Market access is currently the stickiest of the three “pillars” on which the negotiations sit. Negotiations are clearer on the other two “pillars”: export competition and domestic support.

“Elimination of export subsidies is certainly one of our main priorities in this Round,” Suber says. “The European Union provides in excess of $1 billion in dairy export subsidies each year, more than 100 times what the United States is allowed to spend. This has a serious, distorting effect on world dairy markets that must be corrected.”

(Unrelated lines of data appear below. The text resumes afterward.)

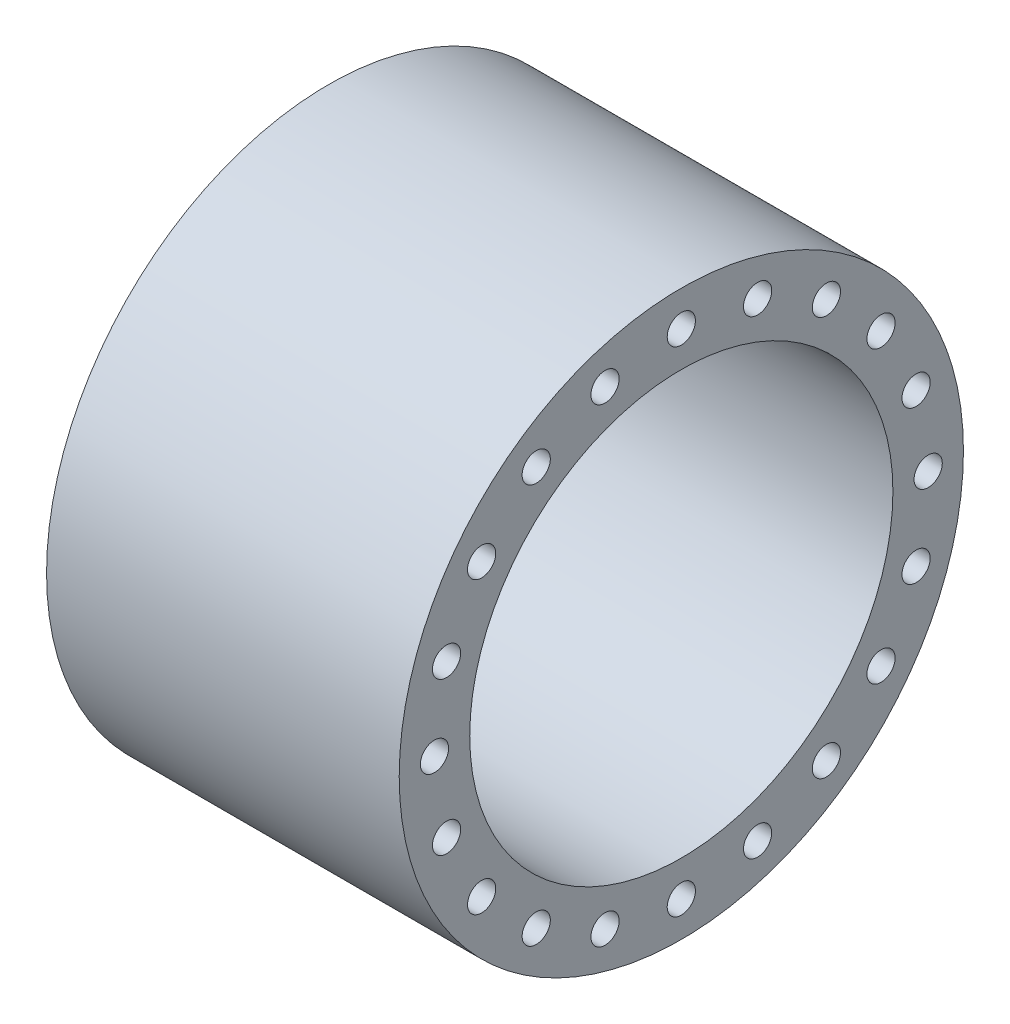
ISO-10303-21;
HEADER;
FILE_DESCRIPTION(('STEP AP214'),'2;1');
FILE_NAME('part.step','',(''),(''),'','','');
FILE_SCHEMA(('AUTOMOTIVE_DESIGN { 1 0 10303 214 1 1 1 1 }'));
ENDSEC;
DATA;
#1=APPLICATION_CONTEXT('core data for automotive mechanical design processes');
#2=APPLICATION_PROTOCOL_DEFINITION('international standard','automotive_design',2000,#1);
#3=PRODUCT_CONTEXT('',#1,'mechanical');
#4=PRODUCT('Part','Part','',(#3));
#5=PRODUCT_RELATED_PRODUCT_CATEGORY('part','',(#4));
#6=PRODUCT_DEFINITION_FORMATION('','',#4);
#7=PRODUCT_DEFINITION_CONTEXT('part definition',#1,'design');
#8=PRODUCT_DEFINITION('design','',#6,#7);
#9=PRODUCT_DEFINITION_SHAPE('','',#8);
#10=(LENGTH_UNIT() NAMED_UNIT(*) SI_UNIT(.MILLI.,.METRE.));
#11=(NAMED_UNIT(*) PLANE_ANGLE_UNIT() SI_UNIT($,.RADIAN.));
#12=(NAMED_UNIT(*) SI_UNIT($,.STERADIAN.) SOLID_ANGLE_UNIT());
#13=UNCERTAINTY_MEASURE_WITH_UNIT(LENGTH_MEASURE(1.E-05),#10,'distance_accuracy_value','');
#14=(GEOMETRIC_REPRESENTATION_CONTEXT(3) GLOBAL_UNCERTAINTY_ASSIGNED_CONTEXT((#13)) GLOBAL_UNIT_ASSIGNED_CONTEXT((#10,
#11,#12)) REPRESENTATION_CONTEXT('',''));
#15=CARTESIAN_POINT('',(0.,0.,0.));
#16=DIRECTION('',(0.,0.,1.));
#17=DIRECTION('',(1.,0.,0.));
#18=AXIS2_PLACEMENT_3D('',#15,#16,#17);
#19=CARTESIAN_POINT('',(50.,0.,0.));
#20=DIRECTION('',(1.,0.,0.));
#21=DIRECTION('',(0.,0.,1.));
#22=AXIS2_PLACEMENT_3D('',#19,#20,#21);
#23=PLANE('',#22);
#24=CARTESIAN_POINT('',(50.,66.573956140661,-21.6311896062454));
#25=DIRECTION('',(-1.,0.,0.));
#26=DIRECTION('',(0.,0.309016994374935,0.951056516295158));
#27=AXIS2_PLACEMENT_3D('',#24,#25,#26);
#28=CIRCLE('',#27,4.);
#29=CARTESIAN_POINT('',(50.,67.8100241181608,-17.8269635410648));
#30=VERTEX_POINT('',#29);
#31=EDGE_CURVE('E175',#30,#30,#28,.T.);
#32=ORIENTED_EDGE('',*,*,#31,.T.);
#33=EDGE_LOOP('',(#32));
#34=FACE_BOUND('',#33,.T.);
#35=CARTESIAN_POINT('',(50.,56.6311896062469,-41.1449676604724));
#36=DIRECTION('',(-1.,0.,0.));
#37=DIRECTION('',(0.,0.587785252292462,0.809016994374955));
#38=AXIS2_PLACEMENT_3D('',#35,#36,#37);
#39=CIRCLE('',#38,4.);
#40=CARTESIAN_POINT('',(50.,58.9823306154167,-37.9088996829726));
#41=VERTEX_POINT('',#40);
#42=EDGE_CURVE('E169',#41,#41,#39,.T.);
#43=ORIENTED_EDGE('',*,*,#42,.T.);
#44=EDGE_LOOP('',(#43));
#45=FACE_BOUND('',#44,.T.);
#46=CARTESIAN_POINT('',(50.,41.1449676604738,-56.6311896062458));
#47=DIRECTION('',(-1.,0.,0.));
#48=DIRECTION('',(0.,0.80901699437494,0.587785252292483));
#49=AXIS2_PLACEMENT_3D('',#46,#47,#48);
#50=CIRCLE('',#49,4.);
#51=CARTESIAN_POINT('',(50.,44.3810356379736,-54.2800485970759));
#52=VERTEX_POINT('',#51);
#53=EDGE_CURVE('E163',#52,#52,#50,.T.);
#54=ORIENTED_EDGE('',*,*,#53,.T.);
#55=EDGE_LOOP('',(#54));
#56=FACE_BOUND('',#55,.T.);
#57=CARTESIAN_POINT('',(50.,21.6311896062471,-66.5739561406605));
#58=DIRECTION('',(-1.,0.,0.));
#59=DIRECTION('',(0.,0.95105651629515,0.309016994374958));
#60=AXIS2_PLACEMENT_3D('',#57,#58,#59);
#61=CIRCLE('',#60,4.);
#62=CARTESIAN_POINT('',(50.,25.4354156714277,-65.3378881631607));
#63=VERTEX_POINT('',#62);
#64=EDGE_CURVE('E157',#63,#63,#61,.T.);
#65=ORIENTED_EDGE('',*,*,#64,.T.);
#66=EDGE_LOOP('',(#65));
#67=FACE_BOUND('',#66,.T.);
#68=CARTESIAN_POINT('',(50.,7.368850215545E-13,-70.));
#69=DIRECTION('',(-1.,0.,0.));
#70=DIRECTION('',(0.,1.,0.));
#71=AXIS2_PLACEMENT_3D('',#68,#69,#70);
#72=CIRCLE('',#71,4.);
#73=CARTESIAN_POINT('',(50.,4.00000000000074,-70.));
#74=VERTEX_POINT('',#73);
#75=EDGE_CURVE('E151',#74,#74,#72,.T.);
#76=ORIENTED_EDGE('',*,*,#75,.T.);
#77=EDGE_LOOP('',(#76));
#78=FACE_BOUND('',#77,.T.);
#79=CARTESIAN_POINT('',(50.,-21.6311896062457,-66.573956140661));
#80=DIRECTION('',(-1.,0.,0.));
#81=DIRECTION('',(0.,0.951056516295157,-0.309016994374938));
#82=AXIS2_PLACEMENT_3D('',#79,#80,#81);
#83=CIRCLE('',#82,4.);
#84=CARTESIAN_POINT('',(50.,-17.8269635410651,-67.8100241181607));
#85=VERTEX_POINT('',#84);
#86=EDGE_CURVE('E145',#85,#85,#83,.T.);
#87=ORIENTED_EDGE('',*,*,#86,.T.);
#88=EDGE_LOOP('',(#87));
#89=FACE_BOUND('',#88,.T.);
#90=CARTESIAN_POINT('',(50.,-41.1449676604726,-56.6311896062467));
#91=DIRECTION('',(-1.,0.,0.));
#92=DIRECTION('',(0.,0.809016994374953,-0.587785252292465));
#93=AXIS2_PLACEMENT_3D('',#90,#91,#92);
#94=CIRCLE('',#93,4.);
#95=CARTESIAN_POINT('',(50.,-37.9088996829728,-58.9823306154166));
#96=VERTEX_POINT('',#95);
#97=EDGE_CURVE('E139',#96,#96,#94,.T.);
#98=ORIENTED_EDGE('',*,*,#97,.T.);
#99=EDGE_LOOP('',(#98));
#100=FACE_BOUND('',#99,.T.);
#101=CARTESIAN_POINT('',(50.,-56.631189606246,-41.1449676604736));
#102=DIRECTION('',(-1.,0.,0.));
#103=DIRECTION('',(0.,0.58778525229248,-0.809016994374942));
#104=AXIS2_PLACEMENT_3D('',#101,#102,#103);
#105=CIRCLE('',#104,4.);
#106=CARTESIAN_POINT('',(50.,-54.280048597076,-44.3810356379734));
#107=VERTEX_POINT('',#106);
#108=EDGE_CURVE('E133',#107,#107,#105,.T.);
#109=ORIENTED_EDGE('',*,*,#108,.T.);
#110=EDGE_LOOP('',(#109));
#111=FACE_BOUND('',#110,.T.);
#112=CARTESIAN_POINT('',(50.,-66.5739561406606,-21.6311896062468));
#113=DIRECTION('',(-1.,0.,0.));
#114=DIRECTION('',(0.,0.309016994374955,-0.951056516295151));
#115=AXIS2_PLACEMENT_3D('',#112,#113,#114);
#116=CIRCLE('',#115,4.);
#117=CARTESIAN_POINT('',(50.,-65.3378881631608,-25.4354156714274));
#118=VERTEX_POINT('',#117);
#119=EDGE_CURVE('E127',#118,#118,#116,.T.);
#120=ORIENTED_EDGE('',*,*,#119,.T.);
#121=EDGE_LOOP('',(#120));
#122=FACE_BOUND('',#121,.T.);
#123=CARTESIAN_POINT('',(50.,-70.,0.));
#124=DIRECTION('',(-1.,0.,0.));
#125=DIRECTION('',(0.,0.,-1.));
#126=AXIS2_PLACEMENT_3D('',#123,#124,#125);
#127=CIRCLE('',#126,4.);
#128=CARTESIAN_POINT('',(50.,-70.,-4.00000000000001));
#129=VERTEX_POINT('',#128);
#130=EDGE_CURVE('E121',#129,#129,#127,.T.);
#131=ORIENTED_EDGE('',*,*,#130,.T.);
#132=EDGE_LOOP('',(#131));
#133=FACE_BOUND('',#132,.T.);
#134=CARTESIAN_POINT('',(50.,-66.5739561406609,21.6311896062459));
#135=DIRECTION('',(-1.,0.,0.));
#136=DIRECTION('',(0.,-0.309016994374941,-0.951056516295156));
#137=AXIS2_PLACEMENT_3D('',#134,#135,#136);
#138=CIRCLE('',#137,4.);
#139=CARTESIAN_POINT('',(50.,-67.8100241181607,17.8269635410653));
#140=VERTEX_POINT('',#139);
#141=EDGE_CURVE('E115',#140,#140,#138,.T.);
#142=ORIENTED_EDGE('',*,*,#141,.T.);
#143=EDGE_LOOP('',(#142));
#144=FACE_BOUND('',#143,.T.);
#145=CARTESIAN_POINT('',(50.,-56.6311896062466,41.1449676604728));
#146=DIRECTION('',(-1.,0.,0.));
#147=DIRECTION('',(0.,-0.587785252292469,-0.809016994374951));
#148=AXIS2_PLACEMENT_3D('',#145,#146,#147);
#149=CIRCLE('',#148,4.);
#150=CARTESIAN_POINT('',(50.,-58.9823306154164,37.908899682973));
#151=VERTEX_POINT('',#150);
#152=EDGE_CURVE('E109',#151,#151,#149,.T.);
#153=ORIENTED_EDGE('',*,*,#152,.T.);
#154=EDGE_LOOP('',(#153));
#155=FACE_BOUND('',#154,.T.);
#156=CARTESIAN_POINT('',(50.,-41.1449676604734,56.6311896062461));
#157=DIRECTION('',(-1.,0.,0.));
#158=DIRECTION('',(0.,-0.809016994374945,-0.587785252292477));
#159=AXIS2_PLACEMENT_3D('',#156,#157,#158);
#160=CIRCLE('',#159,4.);
#161=CARTESIAN_POINT('',(50.,-44.3810356379732,54.2800485970762));
#162=VERTEX_POINT('',#161);
#163=EDGE_CURVE('E103',#162,#162,#160,.T.);
#164=ORIENTED_EDGE('',*,*,#163,.T.);
#165=EDGE_LOOP('',(#164));
#166=FACE_BOUND('',#165,.T.);
#167=CARTESIAN_POINT('',(50.,-21.6311896062466,66.5739561406607));
#168=DIRECTION('',(-1.,0.,0.));
#169=DIRECTION('',(0.,-0.951056516295152,-0.309016994374952));
#170=AXIS2_PLACEMENT_3D('',#167,#168,#169);
#171=CIRCLE('',#170,4.);
#172=CARTESIAN_POINT('',(50.,-25.4354156714272,65.3378881631609));
#173=VERTEX_POINT('',#172);
#174=EDGE_CURVE('E97',#173,#173,#171,.T.);
#175=ORIENTED_EDGE('',*,*,#174,.T.);
#176=EDGE_LOOP('',(#175));
#177=FACE_BOUND('',#176,.T.);
#178=CARTESIAN_POINT('',(50.,-2.48077634116461E-13,70.));
#179=DIRECTION('',(-1.,0.,0.));
#180=DIRECTION('',(0.,-1.,0.));
#181=AXIS2_PLACEMENT_3D('',#178,#179,#180);
#182=CIRCLE('',#181,4.);
#183=CARTESIAN_POINT('',(50.,-4.00000000000025,70.));
#184=VERTEX_POINT('',#183);
#185=EDGE_CURVE('E90',#184,#184,#182,.T.);
#186=ORIENTED_EDGE('',*,*,#185,.T.);
#187=EDGE_LOOP('',(#186));
#188=FACE_BOUND('',#187,.T.);
#189=CARTESIAN_POINT('',(50.,21.6311896062461,66.5739561406608));
#190=DIRECTION('',(-1.,0.,0.));
#191=DIRECTION('',(0.,-0.951056516295155,0.309016994374945));
#192=AXIS2_PLACEMENT_3D('',#189,#190,#191);
#193=CIRCLE('',#192,4.);
#194=CARTESIAN_POINT('',(50.,17.8269635410655,67.8100241181606));
#195=VERTEX_POINT('',#194);
#196=EDGE_CURVE('E84',#195,#195,#193,.T.);
#197=ORIENTED_EDGE('',*,*,#196,.T.);
#198=EDGE_LOOP('',(#197));
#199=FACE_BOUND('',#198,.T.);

In preliminary talks, Europe has agreed to eliminate its export subsidies, but it wants the United States to do the same with export credit and food aid – though large elements of those programs don’t distort trade and are not opposed by other WTO members. The exact timetable for reductions has yet to be determined.

Likewise, on domestic support, the United States says it is committed to meaningful reform of its own support programs if Europe and others do likewise.

“All three elements are interrelated,” Suber says. “Success requires balanced progress on all three fronts.”

So what does the U.S. dairy industry have to gain by taking a proactive approach to world trade talks?

“We’re trying to correct some of the disparities in trading rules left over from the Uruguay Round. The U.S. dairy industry has the ability to be a competitive supplier – but we need to all be playing by similar rules,” Suber explains.

“We learned from the Uruguay talks that we have to be involved in the negotiating process.”